:: TO DO ::
Filter the entries below, keeping only lines with the word "name".

:: DATASET EXCERPTS ::
=-=-=-=-=

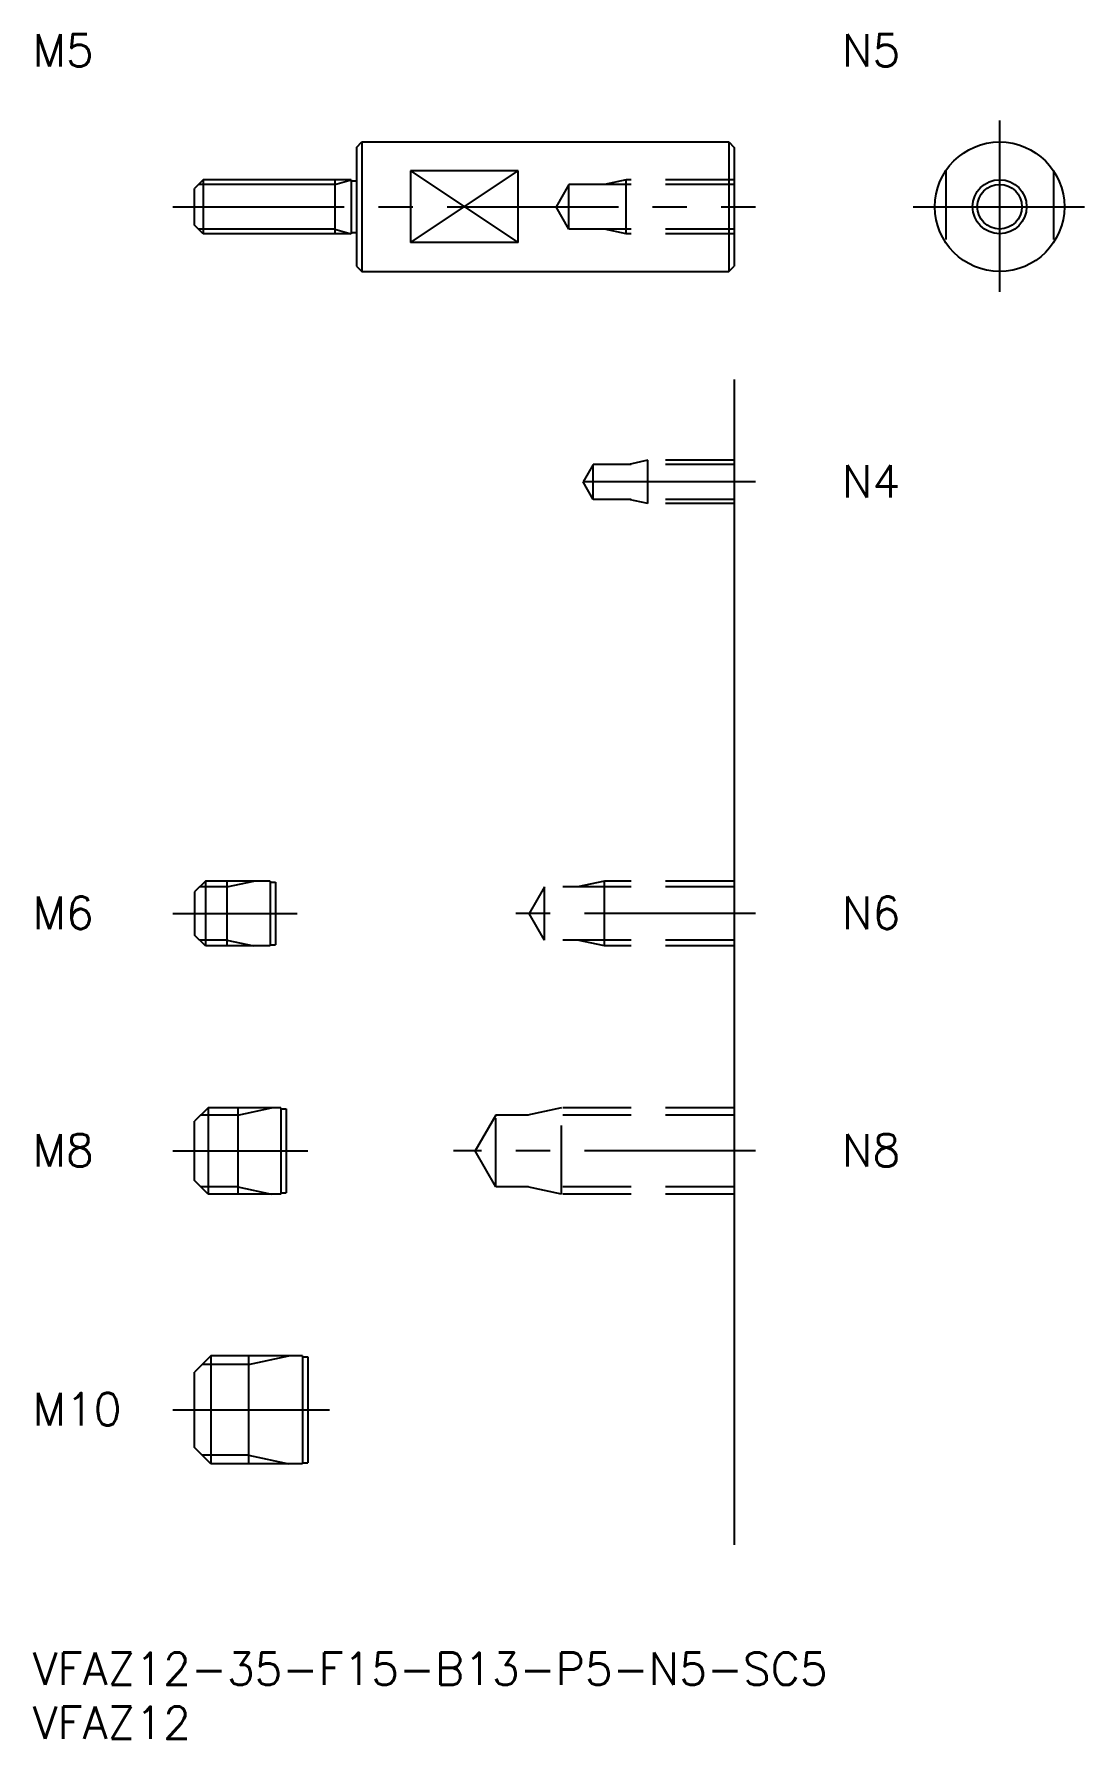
# Model space of a CAD drawing. Extents: x 0 to 98, y -8 to 150.
import ezdxf

# ---------------------------------------------------------------- set-up
doc = ezdxf.new("R2010")
doc.units = 0
doc.header["$LTSCALE"] = 0.5
doc.linetypes.add('CENTER', pattern=[50.8, 31.75, -6.35, 6.35, -6.35])
doc.linetypes.add('DASHED', pattern=[19.05, 12.7, -6.35])
for name, color, linetype in [('MSM_CENTER', 1, 'CENTER'), ('MSM_CONTINUOUS', 7, 'CONTINUOUS'), ('MSM_DASHED', 4, 'DASHED'), ('MSM_NARROW', 5, 'CONTINUOUS'), ('MSM_PART_NUMBER', 7, 'CONTINUOUS')]:
    doc.layers.add(name, color=color, linetype=linetype)
doc.styles.get("Standard").update_dxf_attribs({"font": 'txt.shx', "height": 1, "bigfont": 'bigfont.shx'})

# ---------------------------------------------------------------- blocks, each defined once
blk = doc.blocks.new('*U10')
at = {"layer": 'MSM_PART_NUMBER'}
blk.add_text('VFAZ12-35-F15-B13-P5-N5-SC5', height=3, dxfattribs=at).set_placement((0, -3))
blk = doc.blocks.new('*U11')
at = {"layer": 'MSM_PART_NUMBER'}
blk.add_text('VFAZ12', height=3, dxfattribs=at).set_placement((0, -8))
blk = doc.blocks.new('*U12')
at = {"layer": 'MSM_PART_NUMBER'}
blk.add_text('M10', height=3, dxfattribs=at).set_placement((0, 21.06))
blk = doc.blocks.new('*U13')
at = {"layer": 'MSM_PART_NUMBER'}
blk.add_text('M8', height=3, dxfattribs=at).set_placement((0, 45.06))
blk = doc.blocks.new('*U14')
at = {"layer": 'MSM_PART_NUMBER'}
blk.add_text('M6', height=3, dxfattribs=at).set_placement((0, 67.06))
blk = doc.blocks.new('*U15')
at = {"layer": 'MSM_PART_NUMBER'}
blk.add_text('M5', height=3, dxfattribs=at).set_placement((0, 147))
blk = doc.blocks.new('*U16')
at = {"layer": 'MSM_PART_NUMBER'}
blk.add_text('N8', height=3, dxfattribs=at).set_placement((75, 45.06))
blk = doc.blocks.new('*U17')
at = {"layer": 'MSM_PART_NUMBER'}
blk.add_text('N6', height=3, dxfattribs=at).set_placement((75, 67.06))
blk = doc.blocks.new('*U18')
at = {"layer": 'MSM_PART_NUMBER'}
blk.add_text('N4', height=3, dxfattribs=at).set_placement((75, 107.06))
blk = doc.blocks.new('*U19')
at = {"layer": 'MSM_PART_NUMBER'}
blk.add_text('N5', height=3, rotation=360, dxfattribs=at).set_placement((75, 147))

msp = doc.modelspace()

# ---------------------------------------------------------------- linework, layer by layer
at = {"layer": 'MSM_CENTER'}
for p, q in [((89.61, 142), (89.61, 126)), ((13, 134), (67, 134)), ((81.61, 134), (97.61, 134)), ((67, 108.5), (49, 108.5)), ((13, 68.5), (24.5, 68.5)), ((67, 68.5), (44, 68.5)), ((13, 46.5), (25.5, 46.5)), ((67, 46.5), (39, 46.5)), ((13, 22.5), (27.5, 22.5))]:
    msp.add_line(p, q, dxfattribs=at)
at = {"layer": 'MSM_CONTINUOUS'}
for p, q in [((30, 139.5), (30.5, 140)), ((30, 139.5), (30, 128.5)), ((30.5, 140), (64.5, 140)), ((30.5, 140), (30.5, 128)), ((64.5, 140), (64.5, 128)), ((64.5, 140), (65, 139.5)), ((65, 139.5), (65, 128.5)), ((15.8, 136.5), (15, 135.7)), ((29.5, 136.5), (15.8, 136.5)), ((15.8, 136.5), (15.8, 131.5)), ((28, 136.5), (28, 131.5)), ((29.5, 136.5), (29.5, 131.5)), ((29.5, 136.4), (30, 136.4)), ((45, 137.32), (35, 137.32)), ((35, 137.32), (35, 130.68)), ((45, 130.68), (45, 137.32)), ((15, 132.3), (15, 135.7)), ((15.8, 131.5), (15, 132.3)), ((29.5, 131.5), (15.8, 131.5)), ((29.5, 131.6), (30, 131.6)), ((45, 130.68), (35, 130.68)), ((30, 128.5), (30.5, 128)), ((30.5, 128), (64.5, 128)), ((64.5, 128), (65, 128.5)), ((65, 118), (65, 10)), ((16, 71.5), (15, 70.5)), ((22, 71.5), (16, 71.5)), ((16, 71.5), (16, 65.5)), ((18, 71.5), (18, 65.5)), ((22, 71.5), (22, 65.5)), ((22, 71.4), (22.5, 71.4)), ((22.5, 71.4), (22.5, 65.6)), ((15, 70.5), (15, 66.5)), ((16, 65.5), (15, 66.5)), ((22, 65.5), (16, 65.5)), ((22, 65.6), (22.5, 65.6)), ((16.25, 50.5), (15, 49.25)), ((15, 43.75), (15, 49.25)), ((23, 50.5), (16.25, 50.5)), ((16.25, 50.5), (16.25, 42.5)), ((19, 50.5), (19, 42.5)), ((23, 50.5), (23, 42.5)), ((23, 50.4), (23.5, 50.4)), ((23.5, 50.4), (23.5, 42.6)), ((16.25, 42.5), (15, 43.75)), ((23, 42.5), (16.25, 42.5)), ((23, 42.6), (23.5, 42.6)), ((16.5, 27.5), (15, 26)), ((25, 27.5), (16.5, 27.5)), ((16.5, 27.5), (16.5, 17.5)), ((20, 27.5), (20, 17.5)), ((25, 27.5), (25, 17.5)), ((25, 27.4), (25.5, 27.4)), ((25.5, 27.4), (25.5, 17.6)), ((15, 19), (15, 26)), ((16.5, 17.5), (15, 19)), ((25, 17.5), (16.5, 17.5)), ((25, 17.6), (25.5, 17.6))]:
    msp.add_line(p, q, dxfattribs=at)
for radius in [6, 2.07]:
    msp.add_circle((89.61, 134), radius, dxfattribs=at)
at = {"layer": 'MSM_DASHED'}
for p, q in [((49.69, 136.07), (48.5, 134)), ((65, 136.07), (49.69, 136.07)), ((49.69, 131.93), (49.69, 136.07)), ((55, 136.5), (53, 136.07)), ((65, 136.5), (55, 136.5)), ((55, 131.5), (55, 136.5)), ((84.61, 137.32), (84.61, 130.68)), ((94.61, 137.32), (94.61, 130.68)), ((49.69, 131.93), (48.5, 134)), ((65, 131.93), (49.69, 131.93)), ((55, 131.5), (53, 131.93)), ((65, 131.5), (55, 131.5)), ((51.94, 110.12), (51, 108.5)), ((65, 110.12), (51.94, 110.12)), ((51.94, 106.88), (51.94, 110.12)), ((57, 110.5), (55.25, 110.12)), ((65, 110.5), (57, 110.5)), ((57, 106.5), (57, 110.5)), ((51.94, 106.88), (51, 108.5)), ((65, 106.88), (51.94, 106.88)), ((57, 106.5), (55.25, 106.88)), ((65, 106.5), (57, 106.5)), ((53, 71.5), (50.5, 70.96)), ((65, 71.5), (53, 71.5)), ((53, 65.5), (53, 71.5)), ((47.42, 70.96), (46, 68.5)), ((65, 70.96), (47.42, 70.96)), ((47.42, 66.04), (47.42, 70.96)), ((47.42, 66.04), (46, 68.5)), ((65, 66.04), (47.42, 66.04)), ((53, 65.5), (50.5, 66.04)), ((65, 65.5), (53, 65.5)), ((42.92, 49.82), (41, 46.5)), ((42.92, 43.18), (42.92, 49.82)), ((65, 49.82), (42.92, 49.82)), ((49, 50.5), (45.87, 49.82)), ((49, 42.5), (49, 50.5)), ((65, 50.5), (49, 50.5)), ((42.92, 43.18), (41, 46.5)), ((65, 43.18), (42.92, 43.18)), ((49, 42.5), (45.87, 43.18)), ((65, 42.5), (49, 42.5))]:
    msp.add_line(p, q, dxfattribs=at)
at = {"layer": 'MSM_NARROW'}
for p, q in [((28, 136.07), (15.37, 136.07)), ((28, 136.07), (29.5, 136.5)), ((35, 137.32), (45, 130.68)), ((35, 130.68), (45, 137.32)), ((28, 131.93), (15.37, 131.93)), ((28, 131.93), (29.5, 131.5)), ((18, 70.96), (20.5, 71.5)), ((18, 70.96), (15.46, 70.96)), ((18, 66.04), (15.46, 66.04)), ((18, 66.04), (20.5, 65.5)), ((19, 49.82), (15.57, 49.82)), ((19, 49.82), (22.12, 50.5)), ((19, 43.18), (15.57, 43.18)), ((19, 43.18), (22.12, 42.5)), ((20, 26.69), (23.75, 27.5)), ((20, 26.69), (15.69, 26.69)), ((20, 18.31), (15.69, 18.31)), ((20, 18.31), (23.75, 17.5))]:
    msp.add_line(p, q, dxfattribs=at)
msp.add_circle((89.61, 134), 2.5, dxfattribs=at)

# ---------------------------------------------------------------- block references
at = {"layer": 'MSM_CONTINUOUS'}
for name in ['*U15', '*U19', '*U18', '*U14', '*U17', '*U13', '*U16', '*U12', '*U10', '*U11']:
    msp.add_blockref(name, (0, 0), dxfattribs=at)

doc.saveas('drawing.dxf')

=-=-=-=-=

:: RESPONSE AREA ::
for name, color, linetype in [('MSM_CENTER', 1, 'CENTER'), ('MSM_CONTINUOUS', 7, 'CONTINUOUS'), ('MSM_DASHED', 4, 'DASHED'), ('MSM_NARROW', 5, 'CONTINUOUS'), ('MSM_PART_NUMBER', 7, 'CONTINUOUS')]:
    doc.layers.add(name, color=color, linetype=linetype)
for name in ['*U15', '*U19', '*U18', '*U14', '*U17', '*U13', '*U16', '*U12', '*U10', '*U11']:
    msp.add_blockref(name, (0, 0), dxfattribs=at)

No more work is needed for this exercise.